A set is closed if its complement $\Omega^c = \mathbb{C} - \Omega$ is open. This property can be reformulated in terms of limit points. A point $z \in \mathbb{C}$ is said to be a limit point of the set $\Omega$ if there exists a sequence of points $z_n \in \Omega$ such that $z_n \not= z$ and $\lim_{n \to \infty} z_n = z$. The reader can now check that a set is closed if and only if it contains all its limit points.

I want to prove the following:

A set is closed if and only if it contains all its limit points.

Proof 1:

I begin by assuming that the set $\Omega$ contains all of its limit points.

$$\therefore \Omega = \{ z \in \mathbb{C} : (z_n \not = z) \cap (\lim_{n \to \infty} z_n = z) \},$$

where $z_n \in \Omega$ is a sequence of points.

And so we have that

$$\begin{align} \Omega^c &= \{ z \in \mathbb{C} : (z_n = z) \cup (\lim_{n \to \infty} z_n \not= z) \} \\ &= \{ z \in \mathbb{C} \} - \{ z \in \mathbb{C} : (z_n \not= z) \cap (\lim_{n \to \infty} z_n = z) \} \\ &= \mathbb{C} - \Omega \end{align}$$

Proof 2:

Assume that the set $\Omega$ is closed.

Therefore, $\Omega^c = \mathbb{C} - \Omega$ is open, since a set is closed if its complement $\Omega^c = \mathbb{C} - \Omega$ is open.

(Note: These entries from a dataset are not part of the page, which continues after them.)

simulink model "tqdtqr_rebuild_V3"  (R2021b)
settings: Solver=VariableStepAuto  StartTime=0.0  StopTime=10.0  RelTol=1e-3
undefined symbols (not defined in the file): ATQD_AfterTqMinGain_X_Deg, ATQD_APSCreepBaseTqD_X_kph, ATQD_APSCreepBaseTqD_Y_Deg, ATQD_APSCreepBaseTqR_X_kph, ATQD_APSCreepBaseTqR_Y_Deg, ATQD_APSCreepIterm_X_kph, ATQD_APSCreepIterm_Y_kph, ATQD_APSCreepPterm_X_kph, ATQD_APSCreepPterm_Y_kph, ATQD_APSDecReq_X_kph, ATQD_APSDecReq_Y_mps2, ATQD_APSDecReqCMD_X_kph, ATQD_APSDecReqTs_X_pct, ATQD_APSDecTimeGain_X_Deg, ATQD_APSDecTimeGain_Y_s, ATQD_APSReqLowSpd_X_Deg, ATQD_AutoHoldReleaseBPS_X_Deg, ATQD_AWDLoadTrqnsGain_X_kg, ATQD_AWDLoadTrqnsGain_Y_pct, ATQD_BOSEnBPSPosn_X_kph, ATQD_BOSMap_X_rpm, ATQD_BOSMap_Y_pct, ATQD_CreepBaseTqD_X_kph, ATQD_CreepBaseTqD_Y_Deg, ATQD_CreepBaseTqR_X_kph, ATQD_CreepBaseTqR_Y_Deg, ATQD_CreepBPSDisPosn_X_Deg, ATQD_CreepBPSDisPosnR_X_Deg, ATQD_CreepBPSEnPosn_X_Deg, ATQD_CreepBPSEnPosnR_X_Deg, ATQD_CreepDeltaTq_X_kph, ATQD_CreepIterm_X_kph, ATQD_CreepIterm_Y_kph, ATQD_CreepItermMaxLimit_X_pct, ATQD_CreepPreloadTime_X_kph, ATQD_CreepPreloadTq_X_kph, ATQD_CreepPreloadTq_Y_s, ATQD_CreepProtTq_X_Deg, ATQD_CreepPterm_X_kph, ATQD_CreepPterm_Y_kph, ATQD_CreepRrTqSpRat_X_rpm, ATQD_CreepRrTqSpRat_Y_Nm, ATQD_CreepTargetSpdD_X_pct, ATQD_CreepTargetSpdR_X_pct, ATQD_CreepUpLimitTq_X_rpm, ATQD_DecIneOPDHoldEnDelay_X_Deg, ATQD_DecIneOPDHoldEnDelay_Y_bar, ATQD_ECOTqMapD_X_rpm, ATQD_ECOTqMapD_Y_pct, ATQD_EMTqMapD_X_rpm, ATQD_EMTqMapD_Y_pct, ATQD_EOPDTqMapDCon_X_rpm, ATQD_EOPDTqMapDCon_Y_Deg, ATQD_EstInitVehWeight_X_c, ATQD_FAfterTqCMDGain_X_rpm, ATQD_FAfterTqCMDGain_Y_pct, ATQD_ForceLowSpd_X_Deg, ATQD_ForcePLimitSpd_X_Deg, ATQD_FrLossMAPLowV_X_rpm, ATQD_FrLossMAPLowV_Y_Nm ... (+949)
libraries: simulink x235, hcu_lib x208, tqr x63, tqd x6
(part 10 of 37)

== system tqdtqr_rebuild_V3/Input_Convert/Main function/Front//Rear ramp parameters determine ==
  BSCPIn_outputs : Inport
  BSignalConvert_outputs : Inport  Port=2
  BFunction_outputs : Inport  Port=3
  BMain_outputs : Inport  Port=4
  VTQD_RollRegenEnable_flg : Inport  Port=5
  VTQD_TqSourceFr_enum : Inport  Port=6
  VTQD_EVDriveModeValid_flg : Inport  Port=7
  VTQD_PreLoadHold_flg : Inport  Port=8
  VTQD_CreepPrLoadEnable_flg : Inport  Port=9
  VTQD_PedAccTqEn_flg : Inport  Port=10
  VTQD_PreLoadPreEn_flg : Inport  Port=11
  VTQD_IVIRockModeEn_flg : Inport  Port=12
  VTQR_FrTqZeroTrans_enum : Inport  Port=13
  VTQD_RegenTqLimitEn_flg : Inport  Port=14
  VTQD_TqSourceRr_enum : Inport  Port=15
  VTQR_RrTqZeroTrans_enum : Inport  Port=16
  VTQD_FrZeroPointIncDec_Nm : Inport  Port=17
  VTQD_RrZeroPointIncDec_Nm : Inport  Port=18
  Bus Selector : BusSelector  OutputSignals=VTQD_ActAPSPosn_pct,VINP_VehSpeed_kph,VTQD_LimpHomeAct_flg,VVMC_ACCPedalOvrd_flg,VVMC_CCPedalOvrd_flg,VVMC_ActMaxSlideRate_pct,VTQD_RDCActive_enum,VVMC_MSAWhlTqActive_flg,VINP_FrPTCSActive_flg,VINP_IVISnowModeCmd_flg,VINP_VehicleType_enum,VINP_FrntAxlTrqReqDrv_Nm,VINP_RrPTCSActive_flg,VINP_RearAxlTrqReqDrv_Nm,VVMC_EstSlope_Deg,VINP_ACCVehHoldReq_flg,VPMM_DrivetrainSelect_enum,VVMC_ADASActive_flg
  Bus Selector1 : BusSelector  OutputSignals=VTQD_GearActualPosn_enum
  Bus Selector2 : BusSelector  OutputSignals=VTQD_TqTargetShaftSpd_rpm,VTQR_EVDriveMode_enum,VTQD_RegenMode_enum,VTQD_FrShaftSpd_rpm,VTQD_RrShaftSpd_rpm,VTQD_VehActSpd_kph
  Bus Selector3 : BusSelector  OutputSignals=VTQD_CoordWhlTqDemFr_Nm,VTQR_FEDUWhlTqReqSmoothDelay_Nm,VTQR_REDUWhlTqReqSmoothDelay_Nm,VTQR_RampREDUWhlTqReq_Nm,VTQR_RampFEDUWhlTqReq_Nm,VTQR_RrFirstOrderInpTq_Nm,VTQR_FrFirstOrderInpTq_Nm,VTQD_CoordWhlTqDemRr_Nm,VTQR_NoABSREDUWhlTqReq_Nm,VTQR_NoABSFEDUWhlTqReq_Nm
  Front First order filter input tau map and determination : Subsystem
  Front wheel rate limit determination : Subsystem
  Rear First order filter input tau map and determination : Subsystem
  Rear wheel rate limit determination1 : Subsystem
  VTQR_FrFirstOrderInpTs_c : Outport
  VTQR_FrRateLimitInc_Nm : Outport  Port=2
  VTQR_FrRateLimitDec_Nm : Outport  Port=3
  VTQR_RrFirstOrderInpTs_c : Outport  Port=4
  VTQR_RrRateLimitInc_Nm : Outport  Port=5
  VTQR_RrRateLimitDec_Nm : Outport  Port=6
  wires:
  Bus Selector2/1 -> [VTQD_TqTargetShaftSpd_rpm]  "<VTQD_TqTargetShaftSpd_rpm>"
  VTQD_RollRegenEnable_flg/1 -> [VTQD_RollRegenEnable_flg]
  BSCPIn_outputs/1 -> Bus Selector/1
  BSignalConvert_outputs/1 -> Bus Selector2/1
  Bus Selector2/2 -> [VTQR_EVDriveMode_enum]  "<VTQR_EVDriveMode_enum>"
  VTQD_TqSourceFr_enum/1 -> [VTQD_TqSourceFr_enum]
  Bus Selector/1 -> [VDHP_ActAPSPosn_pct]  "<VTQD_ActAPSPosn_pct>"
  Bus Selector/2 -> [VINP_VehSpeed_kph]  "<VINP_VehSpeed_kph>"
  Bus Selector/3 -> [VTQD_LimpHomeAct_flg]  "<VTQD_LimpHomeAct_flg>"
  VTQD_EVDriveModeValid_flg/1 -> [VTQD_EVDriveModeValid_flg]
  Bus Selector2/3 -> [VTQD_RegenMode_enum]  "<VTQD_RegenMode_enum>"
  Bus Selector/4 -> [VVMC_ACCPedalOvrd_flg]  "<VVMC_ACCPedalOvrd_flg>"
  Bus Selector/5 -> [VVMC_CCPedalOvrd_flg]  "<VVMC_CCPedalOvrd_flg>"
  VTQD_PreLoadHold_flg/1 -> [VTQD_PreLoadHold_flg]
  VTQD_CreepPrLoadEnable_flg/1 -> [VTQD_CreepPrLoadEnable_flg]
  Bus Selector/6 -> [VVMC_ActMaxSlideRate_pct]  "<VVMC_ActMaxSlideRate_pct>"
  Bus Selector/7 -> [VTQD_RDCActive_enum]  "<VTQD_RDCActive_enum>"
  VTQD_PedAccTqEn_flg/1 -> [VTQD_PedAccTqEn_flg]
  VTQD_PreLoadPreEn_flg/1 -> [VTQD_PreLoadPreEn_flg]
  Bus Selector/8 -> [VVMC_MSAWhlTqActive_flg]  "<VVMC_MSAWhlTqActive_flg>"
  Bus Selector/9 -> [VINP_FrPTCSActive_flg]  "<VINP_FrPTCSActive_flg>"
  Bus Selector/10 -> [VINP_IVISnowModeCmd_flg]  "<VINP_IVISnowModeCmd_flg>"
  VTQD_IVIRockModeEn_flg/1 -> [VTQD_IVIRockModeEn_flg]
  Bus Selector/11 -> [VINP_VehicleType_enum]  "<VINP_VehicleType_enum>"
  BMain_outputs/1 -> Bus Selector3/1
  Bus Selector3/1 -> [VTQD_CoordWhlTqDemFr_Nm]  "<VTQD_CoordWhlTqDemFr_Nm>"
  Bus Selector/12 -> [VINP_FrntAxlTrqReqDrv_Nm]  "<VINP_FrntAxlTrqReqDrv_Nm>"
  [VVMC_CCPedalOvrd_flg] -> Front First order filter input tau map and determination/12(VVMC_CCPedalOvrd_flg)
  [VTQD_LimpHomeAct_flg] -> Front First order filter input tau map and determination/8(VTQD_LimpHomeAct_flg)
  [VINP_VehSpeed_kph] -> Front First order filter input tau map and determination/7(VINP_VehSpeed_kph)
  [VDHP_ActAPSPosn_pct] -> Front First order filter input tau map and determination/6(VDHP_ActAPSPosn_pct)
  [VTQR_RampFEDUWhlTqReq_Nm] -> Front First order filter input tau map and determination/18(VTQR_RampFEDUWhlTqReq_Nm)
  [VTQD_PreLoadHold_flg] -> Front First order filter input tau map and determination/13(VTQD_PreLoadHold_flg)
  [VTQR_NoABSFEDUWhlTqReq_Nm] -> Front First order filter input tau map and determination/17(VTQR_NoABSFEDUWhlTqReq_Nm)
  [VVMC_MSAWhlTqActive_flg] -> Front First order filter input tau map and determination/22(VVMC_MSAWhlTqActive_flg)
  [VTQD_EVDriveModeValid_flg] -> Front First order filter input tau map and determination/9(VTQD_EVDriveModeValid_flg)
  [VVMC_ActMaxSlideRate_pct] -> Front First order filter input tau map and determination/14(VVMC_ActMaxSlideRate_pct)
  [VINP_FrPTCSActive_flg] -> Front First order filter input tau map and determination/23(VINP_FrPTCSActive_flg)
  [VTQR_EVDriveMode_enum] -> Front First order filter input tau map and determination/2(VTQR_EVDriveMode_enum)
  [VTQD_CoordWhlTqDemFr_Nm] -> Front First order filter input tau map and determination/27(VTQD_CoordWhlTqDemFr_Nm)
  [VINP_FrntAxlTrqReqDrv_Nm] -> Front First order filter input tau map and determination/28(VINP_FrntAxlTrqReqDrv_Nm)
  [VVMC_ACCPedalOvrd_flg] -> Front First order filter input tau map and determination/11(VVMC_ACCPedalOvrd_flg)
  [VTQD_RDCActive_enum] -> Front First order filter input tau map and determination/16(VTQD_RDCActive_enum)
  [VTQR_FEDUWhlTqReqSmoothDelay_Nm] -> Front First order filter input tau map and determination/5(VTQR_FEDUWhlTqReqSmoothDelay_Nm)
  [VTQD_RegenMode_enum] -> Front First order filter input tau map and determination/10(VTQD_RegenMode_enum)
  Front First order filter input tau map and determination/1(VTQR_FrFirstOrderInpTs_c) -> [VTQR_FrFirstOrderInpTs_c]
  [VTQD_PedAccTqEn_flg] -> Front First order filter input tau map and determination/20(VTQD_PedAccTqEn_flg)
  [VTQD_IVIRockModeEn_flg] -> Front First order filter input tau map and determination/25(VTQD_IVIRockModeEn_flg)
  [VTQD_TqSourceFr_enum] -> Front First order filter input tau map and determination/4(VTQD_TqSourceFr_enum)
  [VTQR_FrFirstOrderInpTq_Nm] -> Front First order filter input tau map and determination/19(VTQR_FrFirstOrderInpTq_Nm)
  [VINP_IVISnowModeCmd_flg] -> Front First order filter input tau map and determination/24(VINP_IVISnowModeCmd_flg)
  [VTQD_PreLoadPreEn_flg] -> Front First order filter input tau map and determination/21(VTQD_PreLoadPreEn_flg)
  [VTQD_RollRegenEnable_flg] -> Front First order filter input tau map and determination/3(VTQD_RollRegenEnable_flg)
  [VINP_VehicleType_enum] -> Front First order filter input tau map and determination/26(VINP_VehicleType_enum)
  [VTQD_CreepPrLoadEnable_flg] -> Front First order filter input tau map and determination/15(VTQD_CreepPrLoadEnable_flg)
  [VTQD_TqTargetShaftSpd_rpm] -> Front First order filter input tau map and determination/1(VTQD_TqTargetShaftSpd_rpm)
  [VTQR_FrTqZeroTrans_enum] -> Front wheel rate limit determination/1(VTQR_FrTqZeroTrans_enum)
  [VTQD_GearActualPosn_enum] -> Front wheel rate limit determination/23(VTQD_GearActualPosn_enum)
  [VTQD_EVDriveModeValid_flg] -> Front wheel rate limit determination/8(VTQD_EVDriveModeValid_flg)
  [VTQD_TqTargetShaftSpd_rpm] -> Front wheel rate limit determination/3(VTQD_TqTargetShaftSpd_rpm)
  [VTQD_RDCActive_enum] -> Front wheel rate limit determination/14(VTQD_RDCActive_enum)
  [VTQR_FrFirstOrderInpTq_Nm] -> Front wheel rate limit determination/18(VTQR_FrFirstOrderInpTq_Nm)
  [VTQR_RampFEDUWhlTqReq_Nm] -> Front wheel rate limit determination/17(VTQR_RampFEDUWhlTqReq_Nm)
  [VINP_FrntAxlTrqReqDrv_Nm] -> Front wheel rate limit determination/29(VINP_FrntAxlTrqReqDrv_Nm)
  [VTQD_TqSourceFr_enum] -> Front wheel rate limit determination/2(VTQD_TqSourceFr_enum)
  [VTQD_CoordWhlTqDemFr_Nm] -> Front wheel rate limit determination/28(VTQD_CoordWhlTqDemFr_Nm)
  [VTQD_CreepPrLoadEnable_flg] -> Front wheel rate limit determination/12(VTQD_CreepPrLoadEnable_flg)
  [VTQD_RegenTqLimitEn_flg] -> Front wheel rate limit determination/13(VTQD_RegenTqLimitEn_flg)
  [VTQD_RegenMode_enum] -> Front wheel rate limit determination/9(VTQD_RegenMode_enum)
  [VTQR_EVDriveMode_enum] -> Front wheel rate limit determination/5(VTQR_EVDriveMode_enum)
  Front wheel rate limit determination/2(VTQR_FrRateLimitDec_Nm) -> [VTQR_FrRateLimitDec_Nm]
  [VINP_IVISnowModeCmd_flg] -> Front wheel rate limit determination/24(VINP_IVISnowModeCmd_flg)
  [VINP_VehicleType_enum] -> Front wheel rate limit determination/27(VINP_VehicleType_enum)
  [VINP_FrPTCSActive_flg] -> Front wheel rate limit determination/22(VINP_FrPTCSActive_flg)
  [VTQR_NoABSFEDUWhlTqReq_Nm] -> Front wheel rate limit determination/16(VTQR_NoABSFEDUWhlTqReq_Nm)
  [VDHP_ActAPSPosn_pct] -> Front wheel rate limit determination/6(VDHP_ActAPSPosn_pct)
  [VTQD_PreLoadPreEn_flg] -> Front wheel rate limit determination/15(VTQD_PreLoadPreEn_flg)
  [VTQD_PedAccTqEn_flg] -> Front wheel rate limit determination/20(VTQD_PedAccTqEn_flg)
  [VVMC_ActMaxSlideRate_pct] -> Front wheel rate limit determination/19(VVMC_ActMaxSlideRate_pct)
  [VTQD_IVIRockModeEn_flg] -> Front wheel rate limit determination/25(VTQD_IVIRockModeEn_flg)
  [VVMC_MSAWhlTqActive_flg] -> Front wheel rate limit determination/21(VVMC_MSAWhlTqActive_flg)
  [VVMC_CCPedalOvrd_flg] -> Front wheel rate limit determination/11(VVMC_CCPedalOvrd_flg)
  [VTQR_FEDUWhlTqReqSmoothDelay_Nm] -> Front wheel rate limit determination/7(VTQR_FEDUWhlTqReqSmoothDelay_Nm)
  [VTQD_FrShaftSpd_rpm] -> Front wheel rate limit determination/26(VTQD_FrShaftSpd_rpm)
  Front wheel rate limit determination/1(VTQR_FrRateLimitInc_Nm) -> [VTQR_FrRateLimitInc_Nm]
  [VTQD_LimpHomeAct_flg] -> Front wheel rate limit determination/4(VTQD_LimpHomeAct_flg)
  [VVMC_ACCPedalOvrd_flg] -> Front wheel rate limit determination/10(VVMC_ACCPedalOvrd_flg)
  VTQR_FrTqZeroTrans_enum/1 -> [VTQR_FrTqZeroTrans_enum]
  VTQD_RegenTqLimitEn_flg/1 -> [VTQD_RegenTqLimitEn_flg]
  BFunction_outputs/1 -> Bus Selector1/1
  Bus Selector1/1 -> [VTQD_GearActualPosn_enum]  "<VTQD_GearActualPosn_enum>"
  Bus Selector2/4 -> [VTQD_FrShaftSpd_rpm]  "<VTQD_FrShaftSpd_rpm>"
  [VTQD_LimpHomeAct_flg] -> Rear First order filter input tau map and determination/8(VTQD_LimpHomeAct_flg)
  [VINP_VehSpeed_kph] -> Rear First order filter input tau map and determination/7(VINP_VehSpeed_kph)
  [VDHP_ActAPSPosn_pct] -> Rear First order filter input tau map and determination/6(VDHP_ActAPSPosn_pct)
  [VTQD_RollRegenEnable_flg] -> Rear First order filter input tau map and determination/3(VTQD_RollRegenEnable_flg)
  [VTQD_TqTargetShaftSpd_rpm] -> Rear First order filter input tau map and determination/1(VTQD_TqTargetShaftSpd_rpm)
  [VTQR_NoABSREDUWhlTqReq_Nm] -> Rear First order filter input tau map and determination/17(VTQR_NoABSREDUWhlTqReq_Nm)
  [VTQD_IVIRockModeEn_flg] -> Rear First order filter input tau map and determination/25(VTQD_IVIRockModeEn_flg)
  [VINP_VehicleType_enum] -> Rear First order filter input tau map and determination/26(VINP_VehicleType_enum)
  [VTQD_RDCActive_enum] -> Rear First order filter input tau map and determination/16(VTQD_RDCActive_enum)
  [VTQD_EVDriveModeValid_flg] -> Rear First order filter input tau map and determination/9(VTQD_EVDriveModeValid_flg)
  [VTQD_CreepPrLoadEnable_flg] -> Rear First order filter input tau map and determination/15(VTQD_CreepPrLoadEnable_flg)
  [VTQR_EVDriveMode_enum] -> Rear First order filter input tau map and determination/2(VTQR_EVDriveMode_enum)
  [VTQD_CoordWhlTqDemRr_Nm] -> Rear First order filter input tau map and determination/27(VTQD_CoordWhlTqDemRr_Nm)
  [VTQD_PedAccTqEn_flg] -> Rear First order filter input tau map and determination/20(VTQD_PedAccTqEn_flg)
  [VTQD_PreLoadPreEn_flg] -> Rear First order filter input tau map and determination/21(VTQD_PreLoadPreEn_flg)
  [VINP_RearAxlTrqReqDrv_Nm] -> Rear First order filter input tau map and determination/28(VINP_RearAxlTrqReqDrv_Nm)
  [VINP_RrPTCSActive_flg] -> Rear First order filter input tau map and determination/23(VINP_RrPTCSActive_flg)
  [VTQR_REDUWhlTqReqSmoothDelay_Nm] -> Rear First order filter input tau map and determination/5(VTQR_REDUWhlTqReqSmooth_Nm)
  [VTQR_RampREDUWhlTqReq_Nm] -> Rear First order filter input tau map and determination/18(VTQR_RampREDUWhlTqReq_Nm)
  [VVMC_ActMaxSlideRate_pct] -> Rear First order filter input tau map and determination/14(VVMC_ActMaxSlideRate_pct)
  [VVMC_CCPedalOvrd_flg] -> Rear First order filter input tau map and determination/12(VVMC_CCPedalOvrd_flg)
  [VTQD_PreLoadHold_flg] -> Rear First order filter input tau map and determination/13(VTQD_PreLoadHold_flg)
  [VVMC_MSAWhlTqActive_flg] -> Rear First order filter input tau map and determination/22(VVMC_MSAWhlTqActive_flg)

A set is open if every point in that set is an interior point.

Therefore, every point $z \in \Omega^c$ is an interior point.

Therefore, every point in the set $(\Omega^c)^c = \Omega$ is not an interior point.

This is where I'm unsure of how to proceed. Given what the author wrote, it is implied that they have provided all of the information necessary for this proof in the preceding sections. However, I have been unable to see how such a proof can be done.

Preceding the above textbook excerpt, the author also give descriptions of closed and open discs, as well as interior points as follows:

The interior of $\Omega$ consists of all its interior points. Finally, a set $\Omega$ is open if every point in that set is an interior point of $\Omega$.

I attempted to use this relationship between interior points and open sets, along with the definition of closed sets above, to form a proof. However, it's not clear to me whether this is fruitful.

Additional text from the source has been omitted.